Promoting statistical literacy

Each day people are inundated with statistical information from advertisements ("4 out of 5 dentists recommend"), news reports ("opinion poll show the incumbent leading by four points"), and even general conversation ("half the time I don't know what you're talking about"). Experts and advocates often use numerical claims to bolster their arguments, and statistical literacy is a necessary skill to help one decide what experts mean and which advocates to believe.
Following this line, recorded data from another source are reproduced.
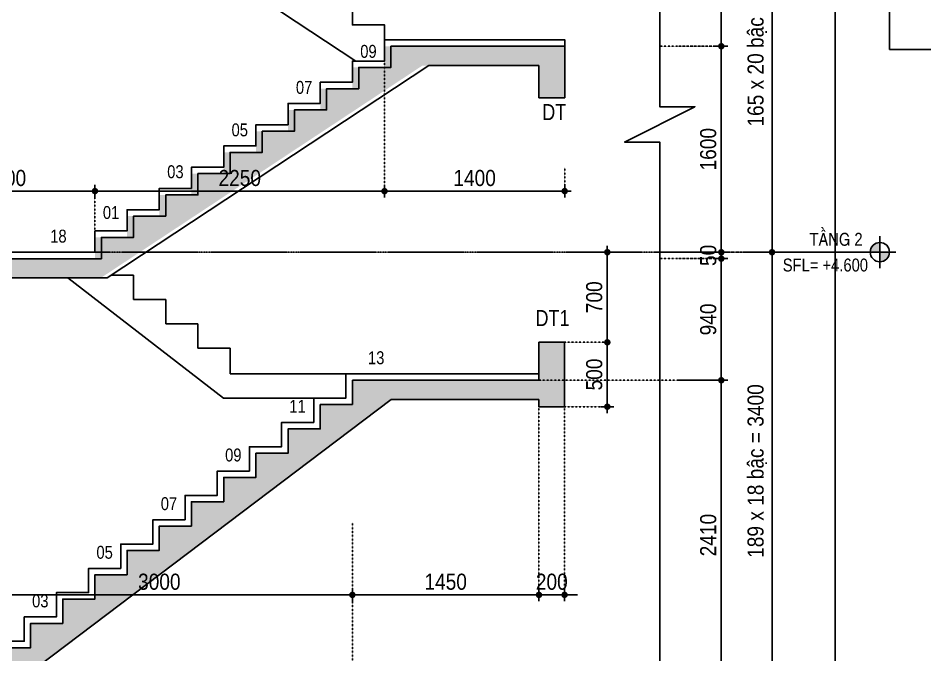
# Model space of a CAD drawing. Header units: millimetres. Extents: x 379264 to 1158416, y -283062 to 356890.
# Drawn here: x 668594 to 675640, y -20236 to -15291 of the extents above; entities that cross this region are included whole.
import ezdxf
from ezdxf.enums import TextEntityAlignment as Align

# ---------------------------------------------------------------- set-up
doc = ezdxf.new("R2010")
doc.units = ezdxf.units.MM
for name, pattern in [('BLOCK A - CHI TIET THANG 1$0$Grid A-F$0$Center101', [13, 10, -1, 1, -1]), ('CENTER', [2, 1.25, -0.25, 0.25, -0.25]), ('HIDDEN5', [2.8375, 1.25, -1.5875])]:
    doc.linetypes.add(name, pattern=pattern)
for name, color, linetype in [('01PM. TEXT A', 3, 'Continuous'), ('02PM. TEXT B', 4, 'Continuous'), ('05PM. FRAME', 4, 'Continuous'), ('11PM. DIM', 2, 'Continuous'), ('12PM. GRID', 8, 'CENTER'), ('13PM. HATCH', 8, 'Continuous'), ('BLOCK A - CHI TIET THANG 1$0$Concrete Line', 6, 'Continuous'), ('BLOCK A - CHI TIET THANG 1$0$Grid Line', 251, 'BLOCK A - CHI TIET THANG 1$0$Grid A-F$0$Center101'), ('BLOCK A - CHI TIET THANG 1$0$Number Step', 94, 'Continuous'), ('mb tang 1 TWA$0$Staircase', 30, 'Continuous')]:
    doc.layers.add(name, color=color, linetype=linetype)
doc.styles.add('[PMDC2013]STYLE', font='arial.ttf', dxfattribs={"width": 0.8})
doc.styles.add('arial', font='arial.ttf', dxfattribs={"width": 0.85})
doc.styles.add('BLOCK A - CHI TIET THANG 1$0$VNI-HelveC', font='VHELVCN_0.TTF')
doc.styles.add('BLOCK A - CHI TIET THANG 1$0$VNI-HelveCB', font='VHELVCB_0.TTF')
doc.dimstyles.new('RHE_50', dxfattribs={"dimscale": 50, "dimtxt": 2.5, "dimasz": 1, "dimexe": 0, "dimexo": 0, "dimgap": 0.75, "dimtad": 1, "dimdec": 0, "dimrnd": 10, "dimzin": 9, "dimdsep": 46, "dimtxsty": 'arial', "dimblk1": 'DOT', "dimblk2": 'DIMDOT', "dimsah": 1, "dimcen": 2, "dimdle": 3, "dimclre": 8, "dimclrt": 51, "dimadec": 0, "dimazin": 0, "dimtfac": 1, "dimtdec": 0, "dimtix": 1, "dimtmove": 2, "dimatfit": 3, "dimldrblk": 'DIMPIJL', "dimfxl": 1, "dimtvp": 1.8, "dimtolj": 1, "dimtzin": 0, "dimarcsym": 0})
pattern_1 = [(82.5, (823467.71, -230829.99), (-107.214405, 100.426047), [0, -115.824, 0, -129.54, 0, -123.825]), (52.5, (823467.7, -230830), (-56.70328, 247.41986), [0, -62.484, 0, -104.394, 0, -40.005]), (12.5, (823401.43, -230896.26), (167.48995, 168.099694), [0, -38.1, 0, -137.16, 0, -179.07]), (2.5, (823401.43, -230896.26), (114.68433, 209.26523), [0, -19.05, 0, -89.916, 0, -102.87])]

# ---------------------------------------------------------------- blocks, each defined once
blk = doc.blocks.new('BLOCK A - CHI TIET THANG 1$0$Number Step')
at = {"color": 0, "linetype": 'ByBlock', "lineweight": -2, "style": 'BLOCK A - CHI TIET THANG 1$0$VNI-HelveCB'}
blk.add_attdef('TEXT', text='', height=2, dxfattribs=at).set_placement((0, 0), align=Align.MIDDLE)
blk = doc.blocks.new('_Dot')
at = {"color": 0, "linetype": 'ByBlock', "lineweight": -2}
blk.add_line((-0.5, 0), (-1, 0), dxfattribs=at)
at = {"color": 0, "linetype": 'ByBlock', "const_width": 0.5}
blk.add_lwpolyline([(-0.25, 0, 1), (0.25, 0, 1)], format="xyb", close=True, dxfattribs=at)
blk = doc.blocks.new('DIMDOT')
for p, q in [((1, 0), (-1, 0)), ((0, -1), (0, 1))]:
    blk.add_line(p, q)
at = {"const_width": 0.5}
blk.add_lwpolyline([(-0.25, 0, 1), (0.25, 0, 1)], format="xyb", close=True, dxfattribs=at)
blk = doc.blocks.new('*D308')
at = {"layer": '11PM. DIM', "color": 8, "linetype": 'HIDDEN5', "lineweight": -2, "transparency": 16777216}
for p, q in [((673723, -17108.6), (674452.5, -17108.6)), ((673723, -20508.6), (674452.5, -20508.6))]:
    blk.add_line(p, q, dxfattribs=at)
at = {"layer": '11PM. DIM', "color": 0, "lineweight": -2, "transparency": 16777216}
blk.add_line((674452.5, -17158.6), (674452.5, -20458.6), dxfattribs=at)
at = {"layer": 'Defpoints', "color": 0, "transparency": 16777216}
for p in [(673723, -17108.6), (673723, -20508.6), (674452.5, -20508.6)]:
    blk.add_point(p, dxfattribs=at)
at = {"layer": '11PM. DIM', "color": 0, "lineweight": -2, "transparency": 16777216, "xscale": 50, "yscale": 50, "zscale": 50}
for name, p, rotation in [('_Dot', (674452.5, -17108.6), 90), ('DIMDOT', (674452.5, -20508.6), 270)]:
    blk.add_blockref(name, p, dxfattribs=dict(at, rotation=rotation))
at = {"layer": '11PM. DIM', "color": 51, "transparency": 16777216, "insert": (674338.3, -18808.6), "char_height": 125, "attachment_point": 5, "rotation": 90, "style": 'arial'}
blk.add_mtext('\\A1;189 x 18 bậc = 3400', dxfattribs=at)
blk = doc.blocks.new('DIMPIJL')
at = {"linetype": 'ByBlock'}
blk.add_solid([(-2.5, 0.42), (-2.5, -0.42), (0, 0)], dxfattribs=at)
blk = doc.blocks.new('*D309')
at = {"layer": '11PM. DIM', "color": 8, "linetype": 'HIDDEN5', "lineweight": -2, "transparency": 16777216}
for p, q in [((672640.5, -18103.1), (674058.4, -18103.1)), ((673580.5, -20508.6), (674058.4, -20508.6))]:
    blk.add_line(p, q, dxfattribs=at)
at = {"layer": '11PM. DIM', "color": 0, "lineweight": -2, "transparency": 16777216}
blk.add_line((674058.4, -20458.6), (674058.4, -18153.1), dxfattribs=at)
at = {"layer": 'Defpoints', "color": 0, "transparency": 16777216}
for p in [(672640.5, -18103.1), (674058.4, -18103.1), (673580.5, -20508.6)]:
    blk.add_point(p, dxfattribs=at)
at = {"layer": '11PM. DIM', "color": 0, "lineweight": -2, "transparency": 16777216, "xscale": 50, "yscale": 50, "zscale": 50}
for name, p, rotation in [('DIMDOT', (674058.4, -18103.1), 90), ('_Dot', (674058.4, -20508.6), 270)]:
    blk.add_blockref(name, p, dxfattribs=dict(at, rotation=rotation))
at = {"layer": '11PM. DIM', "color": 51, "transparency": 16777216, "insert": (673957.1, -19305.9), "char_height": 125, "attachment_point": 5, "rotation": 90, "style": 'arial'}
blk.add_mtext('\\A1;2410', dxfattribs=at)
blk = doc.blocks.new('*D310')
at = {"layer": '11PM. DIM', "color": 8, "linetype": 'HIDDEN5', "lineweight": -2, "transparency": 16777216}
for p, q in [((673723, -17158.9), (674058.4, -17158.9)), ((673723, -18103.1), (674058.4, -18103.1))]:
    blk.add_line(p, q, dxfattribs=at)
at = {"layer": '11PM. DIM', "color": 0, "lineweight": -2, "transparency": 16777216}
blk.add_line((674058.4, -18053.1), (674058.4, -17208.9), dxfattribs=at)
at = {"layer": 'Defpoints', "color": 0, "transparency": 16777216}
for p in [(673723, -17158.9), (674058.4, -17158.9), (673723, -18103.1)]:
    blk.add_point(p, dxfattribs=at)
at = {"layer": '11PM. DIM', "color": 0, "lineweight": -2, "transparency": 16777216, "xscale": 50, "yscale": 50, "zscale": 50}
for name, p, rotation in [('DIMDOT', (674058.4, -17158.9), 90), ('_Dot', (674058.4, -18103.1), 270)]:
    blk.add_blockref(name, p, dxfattribs=dict(at, rotation=rotation))
at = {"layer": '11PM. DIM', "color": 51, "transparency": 16777216, "insert": (673957.1, -17631), "char_height": 125, "attachment_point": 5, "rotation": 90, "style": 'arial'}
blk.add_mtext('\\A1;940', dxfattribs=at)
blk = doc.blocks.new('BLOCK A - CHI TIET THANG 1$0$Level')
at = {"linetype": 'ByBlock'}
h = blk.add_hatch(color=0, dxfattribs=at)
h.paths.add_polyline_path([(0, 1.5), (0, 0), (1.5, 0, 0.414214)])
h.paths.add_polyline_path([(0, 0), (-1.5, 0, 0.414214), (0, -1.5)])
at = {"color": 0, "linetype": 'ByBlock'}
for p, q in [((0, 2.5), (0, -2.5)), ((-2.5, 0), (21, 0))]:
    blk.add_line(p, q, dxfattribs=at)
blk.add_circle((0, 0), 1.5, dxfattribs=at)
at = {"color": 0, "linetype": 'ByBlock', "lineweight": -2, "style": 'BLOCK A - CHI TIET THANG 1$0$VNI-HelveC'}
for tag, p in [('FLOOR', (2.5, 1)), ('LEVEL', (2.5, -3))]:
    blk.add_attdef(tag, p, '', height=2, dxfattribs=at)
blk = doc.blocks.new('*D317')
at = {"layer": '11PM. DIM', "color": 8, "linetype": 'HIDDEN5', "lineweight": -2, "transparency": 16777216}
for p, q in [((673723, -13808.6), (674452.5, -13808.6)), ((673723, -17108.6), (674452.5, -17108.6))]:
    blk.add_line(p, q, dxfattribs=at)
at = {"layer": '11PM. DIM', "color": 0, "lineweight": -2, "transparency": 16777216}
blk.add_line((674452.5, -17058.6), (674452.5, -13858.6), dxfattribs=at)
at = {"layer": 'Defpoints', "color": 0, "transparency": 16777216}
for p in [(673723, -13808.6), (674452.5, -13808.6), (673723, -17108.6)]:
    blk.add_point(p, dxfattribs=at)
at = {"layer": '11PM. DIM', "color": 0, "lineweight": -2, "transparency": 16777216, "xscale": 50, "yscale": 50, "zscale": 50}
for name, p, rotation in [('DIMDOT', (674452.5, -13808.6), 90), ('_Dot', (674452.5, -17108.6), 270)]:
    blk.add_blockref(name, p, dxfattribs=dict(at, rotation=rotation))
at = {"layer": '11PM. DIM', "color": 51, "transparency": 16777216, "insert": (674338.3, -15458.6), "char_height": 125, "width": 1714.749, "attachment_point": 5, "rotation": 90, "style": 'arial'}
blk.add_mtext('\\A1;165 x 20 bậc = 3300', dxfattribs=at)
blk = doc.blocks.new('*D330')
at = {"layer": '11PM. DIM', "color": 8, "linetype": 'HIDDEN5', "lineweight": -2, "transparency": 16777216}
for p, q in [((673723, -15508.6), (674058.4, -15508.6)), ((673723, -17108.9), (674058.4, -17108.9))]:
    blk.add_line(p, q, dxfattribs=at)
at = {"layer": '11PM. DIM', "color": 0, "lineweight": -2, "transparency": 16777216}
blk.add_line((674058.4, -17058.9), (674058.4, -15558.6), dxfattribs=at)
at = {"layer": 'Defpoints', "color": 0, "transparency": 16777216}
for p in [(673723, -15508.6), (674058.4, -15508.6), (673723, -17108.9)]:
    blk.add_point(p, dxfattribs=at)
at = {"layer": '11PM. DIM', "color": 0, "lineweight": -2, "transparency": 16777216, "xscale": 50, "yscale": 50, "zscale": 50}
for name, p, rotation in [('DIMDOT', (674058.4, -15508.6), 90), ('_Dot', (674058.4, -17108.9), 270)]:
    blk.add_blockref(name, p, dxfattribs=dict(at, rotation=rotation))
at = {"layer": '11PM. DIM', "color": 51, "transparency": 16777216, "insert": (673957.1, -16308.8), "char_height": 125, "attachment_point": 5, "rotation": 90, "style": 'arial'}
blk.add_mtext('\\A1;1600', dxfattribs=at)
blk = doc.blocks.new('*D331')
at = {"layer": '11PM. DIM', "color": 8, "linetype": 'HIDDEN5', "lineweight": -2, "transparency": 16777216}
for p, q in [((673580.5, -13858.9), (674058.4, -13858.9)), ((673580.5, -15508.6), (674058.4, -15508.6))]:
    blk.add_line(p, q, dxfattribs=at)
at = {"layer": '11PM. DIM', "color": 0, "lineweight": -2, "transparency": 16777216}
blk.add_line((674058.4, -15458.6), (674058.4, -13908.9), dxfattribs=at)
at = {"layer": 'Defpoints', "color": 0, "transparency": 16777216}
for p in [(673580.5, -13858.9), (674058.4, -13858.9), (673580.5, -15508.6)]:
    blk.add_point(p, dxfattribs=at)
at = {"layer": '11PM. DIM', "color": 0, "lineweight": -2, "transparency": 16777216, "xscale": 50, "yscale": 50, "zscale": 50}
for name, p, rotation in [('DIMDOT', (674058.4, -13858.9), 90), ('_Dot', (674058.4, -15508.6), 270)]:
    blk.add_blockref(name, p, dxfattribs=dict(at, rotation=rotation))
at = {"layer": '11PM. DIM', "color": 51, "transparency": 16777216, "insert": (673957.1, -14683.8), "char_height": 125, "attachment_point": 5, "rotation": 90, "style": 'arial'}
blk.add_mtext('\\A1;1650', dxfattribs=at)
blk = doc.blocks.new('*D407')
at = {"layer": '11PM. DIM', "color": 8, "linetype": 'HIDDEN5', "lineweight": -2, "transparency": 16777216}
for p, q in [((668191.5, -20319.8), (668191.5, -19770.3)), ((671191.5, -20319.8), (671191.5, -19770.3))]:
    blk.add_line(p, q, dxfattribs=at)
at = {"layer": '11PM. DIM', "color": 0, "lineweight": -2, "transparency": 16777216}
blk.add_line((668241.5, -19770.3), (671141.5, -19770.3), dxfattribs=at)
at = {"layer": 'Defpoints', "color": 0, "transparency": 16777216}
for p in [(671191.5, -19770.3), (668191.5, -20319.8), (671191.5, -20319.8)]:
    blk.add_point(p, dxfattribs=at)
at = {"layer": '11PM. DIM', "color": 0, "lineweight": -2, "transparency": 16777216, "xscale": 50, "yscale": 50, "zscale": 50}
blk.add_blockref('DIMDOT', (671191.5, -19770.3), dxfattribs=at)
at = {"layer": '11PM. DIM', "color": 0, "lineweight": -2, "transparency": 16777216, "xscale": 50, "yscale": 50, "zscale": 50, "rotation": 180}
blk.add_blockref('_Dot', (668191.5, -19770.3), dxfattribs=at)
at = {"layer": '11PM. DIM', "color": 51, "transparency": 16777216, "insert": (669691.5, -19668.9), "char_height": 125, "attachment_point": 5, "style": 'arial'}
blk.add_mtext('\\A1;3000', dxfattribs=at)
blk = doc.blocks.new('*D408')
at = {"layer": '11PM. DIM', "color": 8, "linetype": 'HIDDEN5', "lineweight": -2, "transparency": 16777216}
for p, q in [((672641.5, -18308.6), (672641.5, -19770.3)), ((671191.5, -19210.4), (671191.5, -19770.3))]:
    blk.add_line(p, q, dxfattribs=at)
at = {"layer": '11PM. DIM', "color": 0, "lineweight": -2, "transparency": 16777216}
blk.add_line((671241.5, -19770.3), (672591.5, -19770.3), dxfattribs=at)
at = {"layer": 'Defpoints', "color": 0, "transparency": 16777216}
for p in [(672641.5, -18308.6), (671191.5, -19210.4), (672641.5, -19770.3)]:
    blk.add_point(p, dxfattribs=at)
at = {"layer": '11PM. DIM', "color": 0, "lineweight": -2, "transparency": 16777216, "xscale": 50, "yscale": 50, "zscale": 50}
blk.add_blockref('DIMDOT', (672641.5, -19770.3), dxfattribs=at)
at = {"layer": '11PM. DIM', "color": 0, "lineweight": -2, "transparency": 16777216, "xscale": 50, "yscale": 50, "zscale": 50, "rotation": 180}
blk.add_blockref('_Dot', (671191.5, -19770.3), dxfattribs=at)
at = {"layer": '11PM. DIM', "color": 51, "transparency": 16777216, "insert": (671916.5, -19669), "char_height": 125, "attachment_point": 5, "style": 'arial'}
blk.add_mtext('\\A1;1450', dxfattribs=at)
blk = doc.blocks.new('*D409')
at = {"layer": '11PM. DIM', "color": 8, "linetype": 'HIDDEN5', "lineweight": -2, "transparency": 16777216}
for p, q in [((672641.5, -18308.6), (672641.5, -19770.3)), ((672840.5, -18308.6), (672840.5, -19770.3))]:
    blk.add_line(p, q, dxfattribs=at)
at = {"layer": '11PM. DIM', "color": 0, "lineweight": -2, "transparency": 16777216}
for p, q in [((672591.5, -19770.3), (672541.5, -19770.3)), ((672641.5, -19770.3), (672840.5, -19770.3)), ((672890.5, -19770.3), (672940.5, -19770.3))]:
    blk.add_line(p, q, dxfattribs=at)
at = {"layer": 'Defpoints', "color": 0, "transparency": 16777216}
for p in [(672641.5, -18308.6), (672840.5, -18308.6), (672840.5, -19770.3)]:
    blk.add_point(p, dxfattribs=at)
at = {"layer": '11PM. DIM', "color": 0, "lineweight": -2, "transparency": 16777216, "xscale": 50, "yscale": 50, "zscale": 50, "rotation": 180}
blk.add_blockref('DIMDOT', (672840.5, -19770.3), dxfattribs=at)
at = {"layer": '11PM. DIM', "color": 0, "lineweight": -2, "transparency": 16777216, "xscale": 50, "yscale": 50, "zscale": 50}
blk.add_blockref('_Dot', (672641.5, -19770.3), dxfattribs=at)
at = {"layer": '11PM. DIM', "color": 51, "transparency": 16777216, "insert": (672741, -19669), "char_height": 125, "attachment_point": 5, "style": 'arial'}
blk.add_mtext('\\A1;200', dxfattribs=at)
blk = doc.blocks.new('*D410')
at = {"layer": '11PM. DIM', "color": 8, "linetype": 'HIDDEN5', "lineweight": -2, "transparency": 16777216}
for p, q in [((667792, -16452.7), (667792, -16634.4)), ((669191.5, -16943.6), (669191.5, -16634.4))]:
    blk.add_line(p, q, dxfattribs=at)
at = {"layer": '11PM. DIM', "color": 0, "lineweight": -2, "transparency": 16777216}
blk.add_line((667842, -16634.4), (669141.5, -16634.4), dxfattribs=at)
at = {"layer": 'Defpoints', "color": 0, "transparency": 16777216}
for p in [(667792, -16452.7), (669191.5, -16634.4), (669191.5, -16943.6)]:
    blk.add_point(p, dxfattribs=at)
at = {"layer": '11PM. DIM', "color": 0, "lineweight": -2, "transparency": 16777216, "xscale": 50, "yscale": 50, "zscale": 50, "rotation": 180}
blk.add_blockref('_Dot', (667792, -16634.4), dxfattribs=at)
at = {"layer": '11PM. DIM', "color": 0, "lineweight": -2, "transparency": 16777216, "xscale": 50, "yscale": 50, "zscale": 50}
blk.add_blockref('DIMDOT', (669191.5, -16634.4), dxfattribs=at)
at = {"layer": '11PM. DIM', "color": 51, "transparency": 16777216, "insert": (668491.7, -16533.1), "char_height": 125, "attachment_point": 5, "style": 'arial'}
blk.add_mtext('\\A1;1400', dxfattribs=at)
blk = doc.blocks.new('*D411')
at = {"layer": '11PM. DIM', "color": 8, "linetype": 'HIDDEN5', "lineweight": -2, "transparency": 16777216}
for p, q in [((671441.5, -15623.6), (671441.5, -16634.4)), ((669191.5, -16943.6), (669191.5, -16634.4))]:
    blk.add_line(p, q, dxfattribs=at)
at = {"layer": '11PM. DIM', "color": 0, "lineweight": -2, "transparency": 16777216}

This is important because statistics can be made to produce misrepresentations of data that may seem valid. The aim of statistical literacy proponents is to improve the public understanding of numbers and figures.

Health decisions are often manifest as statistical decision problems but few doctors or patients are well equipped to engage with these data.[5]

Results of opinion polling are often cited by news organizations, but the quality of such polls varies considerably. Some understanding of the statistical technique of sampling is necessary in order to be able to correctly interpret polling results. Sample sizes may be too small to draw meaningful conclusions, and samples may be biased. The wording of a poll question may introduce a bias, and thus can even be used intentionally to produce a biased result. Good polls use unbiased techniques, with much time and effort being spent in the design of the questions and polling strategy. Statistical literacy is necessary to understand what makes a poll trustworthy and to properly weigh the value of poll results and conclusions.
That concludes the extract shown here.